Look below for the line that contains "blk.add_point(p, dxfattribs=at)", then copy it and each following line exactly, through and including the line that contains "blk = doc.blocks.new('外露式柱脚防护措施')".

== The input

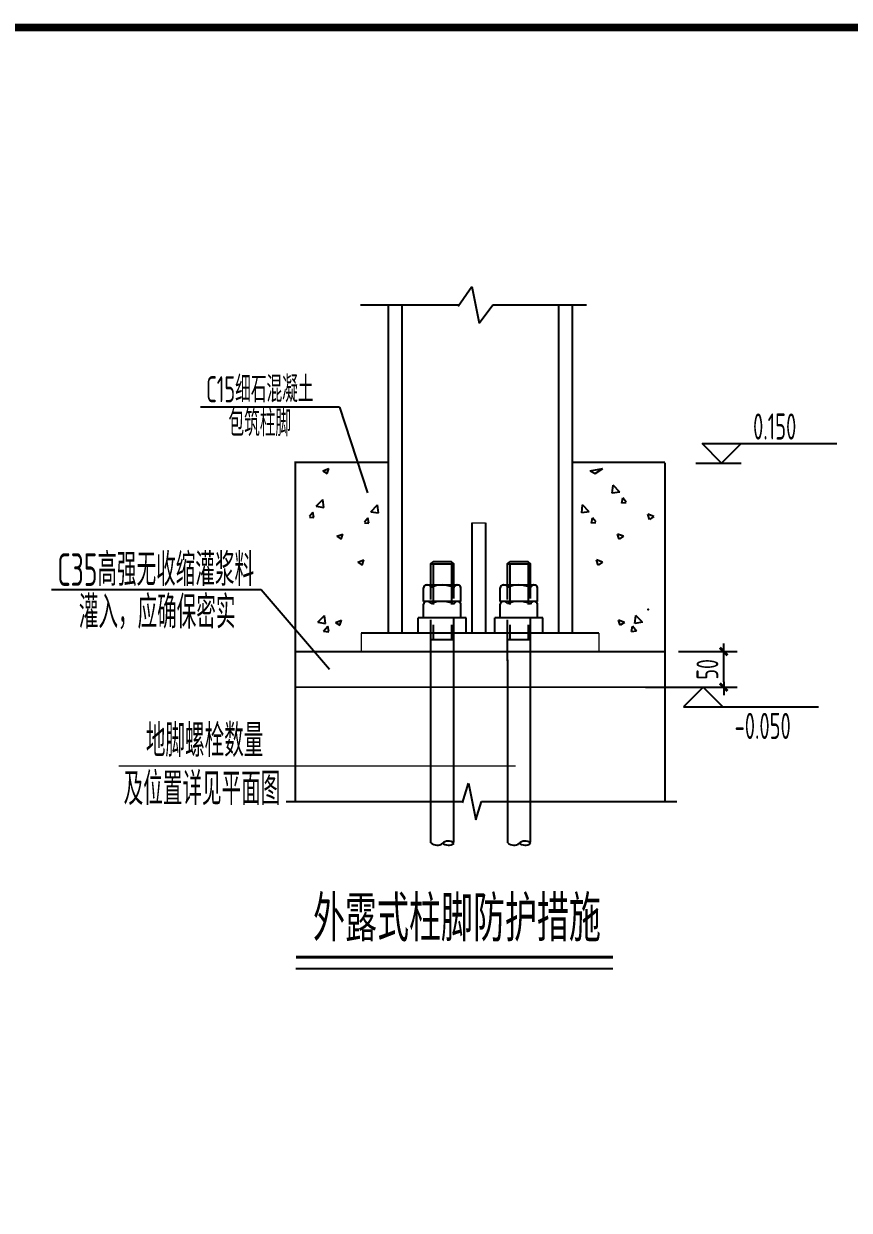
# Model space of a CAD drawing. Extents: x -17471 to 313636, y -71590 to 757901.
# Drawn here: x 228662 to 239712, y 239946 to 255820 of the extents above; entities that cross this region are included whole.
import ezdxf

# ---------------------------------------------------------------- set-up
doc = ezdxf.new("R2010")
doc.units = 0
doc.header["$LTSCALE"] = 1000
doc.header["$MEASUREMENT"] = 0
doc.linetypes.add('HIDDEN', pattern=[0.375, 0.25, -0.125])
for name, color, linetype in [('ADIM', 3, 'Continuous'), ('DIM', 3, 'Continuous'), ('FRAMING', 2, 'Continuous'), ('HIDDEN', 7, 'HIDDEN'), ('PUB_TITLE', 4, 'Continuous'), ('THICK', 6, 'Continuous'), ('THIN', 7, 'Continuous'), ('Z', 4, 'Continuous'), ('板负筋标注TEXT2', 6, 'Continuous')]:
    doc.layers.add(name, color=color, linetype=linetype)
doc.layers.add('TEXT', color=7, linetype='Continuous', lineweight=13)
doc.styles.add('TSSD_Dimension', font='Tssdeng.shx', dxfattribs={"width": 0.7, "bigfont": 'hztxt.shx'})
doc.styles.add('TSSD_NORM', font='Tssdeng.shx', dxfattribs={"width": 0.65, "bigfont": 'hztxt.shx'})
doc.styles.add('TSSD_REIN', font='Tssdeng.shx', dxfattribs={"width": 0.7, "bigfont": 'hztxt.shx'})
doc.dimstyles.new('TSSD_20_100', dxfattribs={"dimtxt": 400, "dimasz": 100, "dimexe": 250, "dimexo": 250, "dimgap": 100, "dimtad": 1, "dimdec": 0, "dimlfac": 0.2, "dimzin": 0, "dimdsep": 46, "dimtxsty": 'TSSD_Dimension', "dimblk": '_TSDBK', "dimcen": 0, "dimclrt": 7, "dimadec": 0, "dimazin": 0, "dimtfac": 1, "dimtdec": 0, "dimtix": 1, "dimtmove": 2, "dimatfit": 3, "dimldrblk": '_TSDBK', "dimfxl": 0, "dimtolj": 1, "dimtzin": 0, "dimarcsym": 0})

# ---------------------------------------------------------------- blocks, each defined once
blk = doc.blocks.new('_TSDBK')
blk.add_line((-1, 0), (1.5, 0))
at = {"const_width": 0.5}
blk.add_lwpolyline([(-0.7, -0.7), (0.7, 0.7)], dxfattribs=at)
blk = doc.blocks.new('*D316')
at = {"layer": 'Defpoints', "color": 0, "transparency": 16777216}
for p in [(2169778, -2376045), (2170859, -2376045), (2169778, -2376699)]:
    blk.add_point(p, dxfattribs=at)
at = {"layer": 'DIM', "color": 0, "lineweight": -2, "transparency": 16777216}
for p, q in [((2170028, -2376045), (2171109, -2376045)), ((2170859, -2376599), (2170859, -2376145)), ((2170028, -2376699), (2171109, -2376699))]:
    blk.add_line(p, q, dxfattribs=at)
at = {"layer": 'DIM', "color": 0, "lineweight": -2, "transparency": 16777216, "xscale": 100, "yscale": 100, "zscale": 100}
for p, rotation in [((2170859, -2376045), 90), ((2170859, -2376699), 270)]:
    blk.add_blockref('_TSDBK', p, dxfattribs=dict(at, rotation=rotation))
at = {"layer": 'DIM', "color": 7, "transparency": 16777216, "insert": (2170559, -2376372), "char_height": 400, "attachment_point": 5, "rotation": 90, "style": 'TSSD_Dimension'}
blk.add_mtext('\\A1;50', dxfattribs=at)
blk = doc.blocks.new('外露式柱脚防护措施')
for p, q in [((2165976.6, -2369699.3), (2166228.6, -2369338.5)), ((2166228.6, -2369338.5), (2166364.8, -2370010.5)), ((2164178.7, -2369674.5), (2165994, -2369674.5)), ((2164688.7, -2369674.5), (2164688.7, -2375708.7)), ((2164940.7, -2369674.5), (2164940.7, -2375708.7)), ((2166364.8, -2370010.5), (2166616.8, -2369674.5)), ((2166616.8, -2369674.5), (2168336.6, -2369674.5)), ((2167820.9, -2369674.5), (2167820.9, -2375708.7)), ((2168072.9, -2369674.5), (2168072.9, -2375708.7)), ((2166225.5, -2373680.1), (2166225.5, -2375708.7)), ((2166477.5, -2373680.1), (2166477.5, -2375708.7)), ((2168564.8, -2375708.7), (2164196.8, -2375708.7)), ((2166056.4, -2378824.5), (2166167.6, -2378463.6)), ((2166167.6, -2378463.6), (2166303.8, -2379135.6)), ((2162813.9, -2378799.6), (2166073.8, -2378799.6)), ((2166303.8, -2379135.6), (2166407.6, -2378799.6)), ((2166407.6, -2378799.6), (2169996.4, -2378799.6))]:
    blk.add_line(p, q)
at = {"const_width": 36}
for points in [[(2164688.7, -2372569.1), (2162983.8, -2372569.1), (2162983.8, -2378799.6)], [(2169777.8, -2372569.1), (2168072.9, -2372569.1)], [(2169777.8, -2372576.1), (2169777.8, -2378799.6)], [(2169777.8, -2376044.7), (2162983.8, -2376044.7)], [(2169777.8, -2376699.4), (2162983.8, -2376699.4)]]:
    blk.add_lwpolyline(points, dxfattribs=at)
for centre, start, end in [((2165590.4, -2379438.5), 226.47964, 309.44942), ((2165796.7, -2379692.2), 50.55058, 133.52036), ((2165796.7, -2379438.5), 226.47964, 309.44942), ((2167000.5, -2379438.5), 226.47964, 309.44942), ((2167206.8, -2379692.2), 50.55058, 133.52036), ((2167206.8, -2379438.5), 226.47964, 309.44942)]:
    blk.add_arc(centre, 164.2, start, end)
blk.add_point((2169470.1, -2375269.4))
at = {"layer": 'ADIM'}
for p, q in [((2163798.6, -2371552.4), (2161242, -2371552.4)), ((2163798.6, -2371552.4), (2164307.8, -2373128.8)), ((2162353.4, -2374912.1), (2158497.9, -2374912.1)), ((2163611.7, -2376376), (2162353.4, -2374912.1))]:
    blk.add_line(p, q, dxfattribs=at)
at = {"layer": 'FRAMING'}
for p, q in [((2165472.9, -2374431.8), (2165515, -2374399.2)), ((2165855.3, -2374399.2), (2165515, -2374399.2)), ((2165896.2, -2374431.8), (2165855.3, -2374399.2)), ((2166883, -2374431.8), (2166925, -2374399.2)), ((2167265.4, -2374399.2), (2166925, -2374399.2)), ((2167306.3, -2374431.8), (2167265.4, -2374399.2)), ((2165472.9, -2374431.8), (2165896.2, -2374431.8)), ((2165475.4, -2374820.7), (2165475.4, -2374427.8)), ((2165895.4, -2374820.7), (2165895.4, -2374427.8)), ((2166883, -2374431.8), (2167306.3, -2374431.8)), ((2166885.5, -2374820.7), (2166885.5, -2374427.8)), ((2167305.5, -2374820.7), (2167305.5, -2374427.8)), ((2165976.3, -2374822.7), (2165392.8, -2374822.7)), ((2167386.3, -2374822.7), (2166802.9, -2374822.7)), ((2165342.4, -2375125.1), (2165342.4, -2374873.1)), ((2166026.7, -2375125.1), (2166026.7, -2374873.1)), ((2166752.5, -2375125.1), (2166752.5, -2374873.1)), ((2167436.7, -2375125.1), (2167436.7, -2374873.1)), ((2166026.7, -2375125.1), (2165342.4, -2375125.1)), ((2165342.4, -2375427.3), (2165342.4, -2375175.3)), ((2165976.3, -2375124.9), (2165392.8, -2375124.9)), ((2166026.7, -2375427.3), (2166026.7, -2375175.3)), ((2167436.7, -2375125.1), (2166752.5, -2375125.1)), ((2166752.5, -2375427.3), (2166752.5, -2375175.3)), ((2167386.3, -2375124.9), (2166802.9, -2375124.9)), ((2167436.7, -2375427.3), (2167436.7, -2375175.3)), ((2165243, -2375708.7), (2165243, -2375423.4)), ((2166126, -2375423.4), (2165243, -2375423.4)), ((2166126, -2375708.7), (2166126, -2375423.4)), ((2166653.1, -2375708.7), (2166653.1, -2375423.4)), ((2167536.1, -2375423.4), (2166653.1, -2375423.4)), ((2167536.1, -2375708.7), (2167536.1, -2375423.4)), ((2165477.3, -2379557.6), (2165477.3, -2376195)), ((2165895.4, -2379539.8), (2165895.4, -2376195)), ((2166887.4, -2379557.6), (2166887.4, -2376195)), ((2167305.5, -2379539.8), (2167305.5, -2376195))]:
    blk.add_line(p, q, dxfattribs=at)
for centre, radius, start, end in [((2165392.8, -2374873.1), 50.4, 90, 180), ((2165407.2, -2374894.5), 73.5, 25.51716, 150.39539), ((2165680.2, -2375302.8), 481.8, 63.34777, 115.39202), ((2165962.2, -2374888.9), 67.9, 18.39312, 165.69445), ((2165976.3, -2374873.1), 50.4, 0, 90), ((2166802.9, -2374873.1), 50.4, 90, 180), ((2166817.3, -2374894.5), 73.5, 25.51716, 150.39539), ((2167090.3, -2375302.8), 481.8, 63.34777, 115.39202), ((2167372.3, -2374888.9), 67.9, 18.39312, 165.69445), ((2167386.3, -2374873.1), 50.4, 0, 90), ((2165392.8, -2375175.3), 50.4, 90, 180), ((2165407.2, -2375196.7), 73.5, 25.51716, 150.39539), ((2165680.2, -2375605), 481.8, 63.34777, 115.39202), ((2165962.2, -2375191.2), 67.9, 18.39312, 165.69445), ((2165976.3, -2375175.3), 50.4, 0, 90), ((2166802.9, -2375175.3), 50.4, 90, 180), ((2166817.3, -2375196.7), 73.5, 25.51716, 150.39539), ((2167090.3, -2375605), 481.8, 63.34777, 115.39202), ((2167372.3, -2375191.2), 67.9, 18.39312, 165.69445), ((2167386.3, -2375175.3), 50.4, 0, 90)]:
    blk.add_arc(centre, radius, start, end, dxfattribs=at)
at = {"layer": 'HIDDEN', "ltscale": 3}
for p, q in [((2165514.9, -2374427.8), (2165514.9, -2375822.5)), ((2165855.4, -2374427.8), (2165855.4, -2375822.5)), ((2166925, -2374427.8), (2166925, -2375822.5)), ((2167265.5, -2374427.8), (2167265.5, -2375822.5)), ((2165475.4, -2376212.7), (2165475.4, -2374820.7)), ((2165895.4, -2376195), (2165895.4, -2374820.7)), ((2166885.5, -2376212.7), (2166885.5, -2374820.7)), ((2167305.5, -2376195), (2167305.5, -2374820.7)), ((2165472.9, -2375822.5), (2165896.4, -2375822.5)), ((2166883, -2375822.5), (2167306.5, -2375822.5))]:
    blk.add_line(p, q, dxfattribs=at)
at = {"layer": 'TEXT'}
for p, q in [((2166225.5, -2373680.1), (2166477.5, -2373680.1)), ((2164196.8, -2375708.7), (2164196.8, -2376044.7)), ((2168564.8, -2375708.7), (2168564.8, -2376044.7)), ((2167028.6, -2378154), (2159738.4, -2378154))]:
    blk.add_line(p, q, dxfattribs=at)
at = {"layer": 'THICK', "linetype": 'Continuous', "const_width": 54}
blk.add_lwpolyline([(2162992.8, -2381660.8), (2168823.2, -2381660.8)], dxfattribs=at)
at = {"layer": 'THIN'}
for p, q in [((2170461.4, -2372223.1), (2172941.5, -2372223.1)), ((2170821.4, -2372583.1), (2170461.4, -2372223.1)), ((2170821.4, -2372583.1), (2171181.4, -2372223.1)), ((2170343.9, -2372583.1), (2171181.4, -2372583.1)), ((2169419, -2376699.4), (2170841.6, -2376699.4)), ((2170481.6, -2376699.4), (2170121.6, -2377059.4)), ((2170481.6, -2376699.4), (2170841.6, -2377059.4)), ((2170121.6, -2377059.4), (2172601.7, -2377059.4))]:
    blk.add_line(p, q, dxfattribs=at)
at = {"layer": 'THIN', "linetype": 'Continuous'}
blk.add_lwpolyline([(2162992.8, -2381869), (2168823.2, -2381869)], dxfattribs=at)
at = {"layer": 'Z', "linetype": 'Continuous'}
for p, q in [((2163492, -2372722.2), (2163602.3, -2372679.9)), ((2163492, -2372722.2), (2163570.4, -2372775.1)), ((2163570.1, -2372774.8), (2163602.1, -2372679.6)), ((2168401.8, -2372722.2), (2168639.6, -2372679.9)), ((2168401.8, -2372722.2), (2168498.3, -2372775.1)), ((2168498.6, -2372774.8), (2168639.9, -2372679.6)), ((2168948.2, -2373113.4), (2168808.1, -2373135.1)), ((2168808.4, -2373134.8), (2168825.8, -2372985.3)), ((2168948.2, -2373113.4), (2168825.5, -2372985.5)), ((2163365.8, -2373376.2), (2163488.5, -2373248.3)), ((2163505.6, -2373397.6), (2163488.2, -2373248.1)), ((2169068.1, -2373314.2), (2168987.6, -2373321.2)), ((2168987.8, -2373321), (2169006, -2373222.2)), ((2169068.1, -2373296.9), (2169005.8, -2373222.5)), ((2163245.8, -2373559.6), (2163308.2, -2373485.3)), ((2163326.2, -2373583.8), (2163308, -2373485)), ((2163365.8, -2373376.2), (2163505.9, -2373397.9)), ((2164373, -2373476.8), (2164495.7, -2373349)), ((2164373, -2373476.8), (2164513.1, -2373498.5)), ((2164512.8, -2373498.3), (2164495.4, -2373348.7)), ((2168388.6, -2373476.8), (2168248.6, -2373498.5)), ((2168248.8, -2373498.3), (2168266.2, -2373348.7)), ((2168388.6, -2373476.8), (2168266, -2373349)), ((2169574.1, -2373564.1), (2169463.8, -2373521.8)), ((2169496, -2373616.7), (2169464, -2373521.5)), ((2163245.8, -2373577), (2163326.4, -2373584)), ((2164253, -2373660.3), (2164315.4, -2373586)), ((2164253, -2373677.6), (2164333.6, -2373684.7)), ((2164333.4, -2373684.4), (2164315.2, -2373585.7)), ((2168508.6, -2373677.6), (2168428, -2373684.7)), ((2168428.2, -2373684.4), (2168446.4, -2373585.7)), ((2168508.6, -2373660.3), (2168446.2, -2373586)), ((2169574.1, -2373564.1), (2169495.7, -2373617)), ((2163747.1, -2373927.6), (2163857.4, -2373885.2)), ((2163747.1, -2373927.6), (2163825.4, -2373980.4)), ((2163825.2, -2373980.1), (2163857.1, -2373885)), ((2169014.5, -2373927.6), (2168904.2, -2373885.2)), ((2168936.4, -2373980.1), (2168904.5, -2373885)), ((2169014.5, -2373927.6), (2168936.2, -2373980.4)), ((2164131.5, -2374404.4), (2164241.8, -2374362.1)), ((2164131.5, -2374404.4), (2164209.9, -2374457.3)), ((2164209.6, -2374457), (2164241.6, -2374361.8)), ((2168630.1, -2374404.4), (2168519.8, -2374362.1)), ((2168552, -2374457), (2168520.1, -2374361.8)), ((2168630.1, -2374404.4), (2168551.7, -2374457.3)), ((2163398.3, -2375507.8), (2163520.9, -2375379.9)), ((2163398.3, -2375507.8), (2163538.3, -2375529.5)), ((2163538.1, -2375529.2), (2163520.7, -2375379.6)), ((2163725, -2375508.9), (2163835.3, -2375466.6)), ((2163725, -2375508.9), (2163803.4, -2375561.7)), ((2163803.1, -2375561.5), (2163835.1, -2375466.3)), ((2169036.6, -2375508.9), (2168926.3, -2375466.6)), ((2168958.5, -2375561.5), (2168926.6, -2375466.3)), ((2169036.6, -2375508.9), (2168958.3, -2375561.7)), ((2169363.4, -2375507.8), (2169223.3, -2375529.5)), ((2169223.5, -2375529.2), (2169240.9, -2375379.6)), ((2169363.4, -2375507.8), (2169240.7, -2375379.9)), ((2163502.7, -2375671.6), (2163578.7, -2375581.1)), ((2163502.7, -2375671.6), (2163596.9, -2375679.9)), ((2163596.6, -2375679.6), (2163578.4, -2375580.9)), ((2169258.9, -2375671.6), (2169164.7, -2375679.9)), ((2169165, -2375679.6), (2169183.2, -2375580.9)), ((2169258.9, -2375671.6), (2169183, -2375581.1))]:
    blk.add_line(p, q, dxfattribs=at)
at = {"layer": 'TEXT'}
for s, height, style, width, p in [('0.150', 480, 'TSSD_REIN', 0.6, (2171399.2, -2372149.9)), ('-0.050', 480, 'TSSD_REIN', 0.6, (2171059.4, -2377651.8)), ('外露式柱脚防护措施', 840, 'TSSD_NORM', 0.7, (2163308.9, -2381372.9))]:
    blk.add_text(s, height=height, dxfattribs=dict(at, style=style, width=width)).set_placement(p)
at = {"layer": '板负筋标注TEXT2', "color": 0, "style": 'TSSD_REIN', "width": 0.6}
for s, height, p in [('C15细石混凝土', 480, (2161343.1, -2371465)), ('包筑柱脚', 480, (2161754.2, -2372090.6)), ('C35高强无收缩灌浆料', 600, (2158606.7, -2374839.3)), ('灌入，应确保密实', 600, (2159003.4, -2375621.8)), ('地脚螺栓数量', 600, (2160235.7, -2377980.6)), ('及位置详见平面图', 600, (2159827.7, -2378866.9))]:
    blk.add_text(s, height=height, dxfattribs=at).set_placement(p)
at = {"layer": 'DIM'}
dim = blk.add_linear_dim(base=(2170859.3, -2376044.7), p1=(2169777.8, -2376699.4), p2=(2169777.8, -2376044.7), angle=90, text='50', dimstyle='TSSD_20_100', dxfattribs=at)
dim.commit()
dim.dimension.update_dxf_attribs({"geometry": '*D316', "text_midpoint": (2170559.3, -2376372.1)})

msp = doc.modelspace()

# ---------------------------------------------------------------- linework, layer by layer
at = {"layer": 'PUB_TITLE', "const_width": 100}
msp.add_lwpolyline([(190035.9, 215770.2), (245935.9, 215770.2), (245935.9, 255770.2), (190035.9, 255770.2)], close=True, dxfattribs=at)

# ---------------------------------------------------------------- block references
at = {"xscale": 0.7280477678571426, "yscale": 0.7280477678571426, "zscale": 0.7280477678571426}
msp.add_blockref('外露式柱脚防护措施', (-1342457.6, 1977295.2), dxfattribs=at)

doc.saveas('drawing.dxf')

====

--- Solution ---
    blk.add_point(p, dxfattribs=at)
at = {"layer": 'DIM', "color": 0, "lineweight": -2, "transparency": 16777216}
for p, q in [((2170028, -2376045), (2171109, -2376045)), ((2170859, -2376599), (2170859, -2376145)), ((2170028, -2376699), (2171109, -2376699))]:
    blk.add_line(p, q, dxfattribs=at)
at = {"layer": 'DIM', "color": 0, "lineweight": -2, "transparency": 16777216, "xscale": 100, "yscale": 100, "zscale": 100}
for p, rotation in [((2170859, -2376045), 90), ((2170859, -2376699), 270)]:
    blk.add_blockref('_TSDBK', p, dxfattribs=dict(at, rotation=rotation))
at = {"layer": 'DIM', "color": 7, "transparency": 16777216, "insert": (2170559, -2376372), "char_height": 400, "attachment_point": 5, "rotation": 90, "style": 'TSSD_Dimension'}
blk.add_mtext('\\A1;50', dxfattribs=at)
blk = doc.blocks.new('外露式柱脚防护措施')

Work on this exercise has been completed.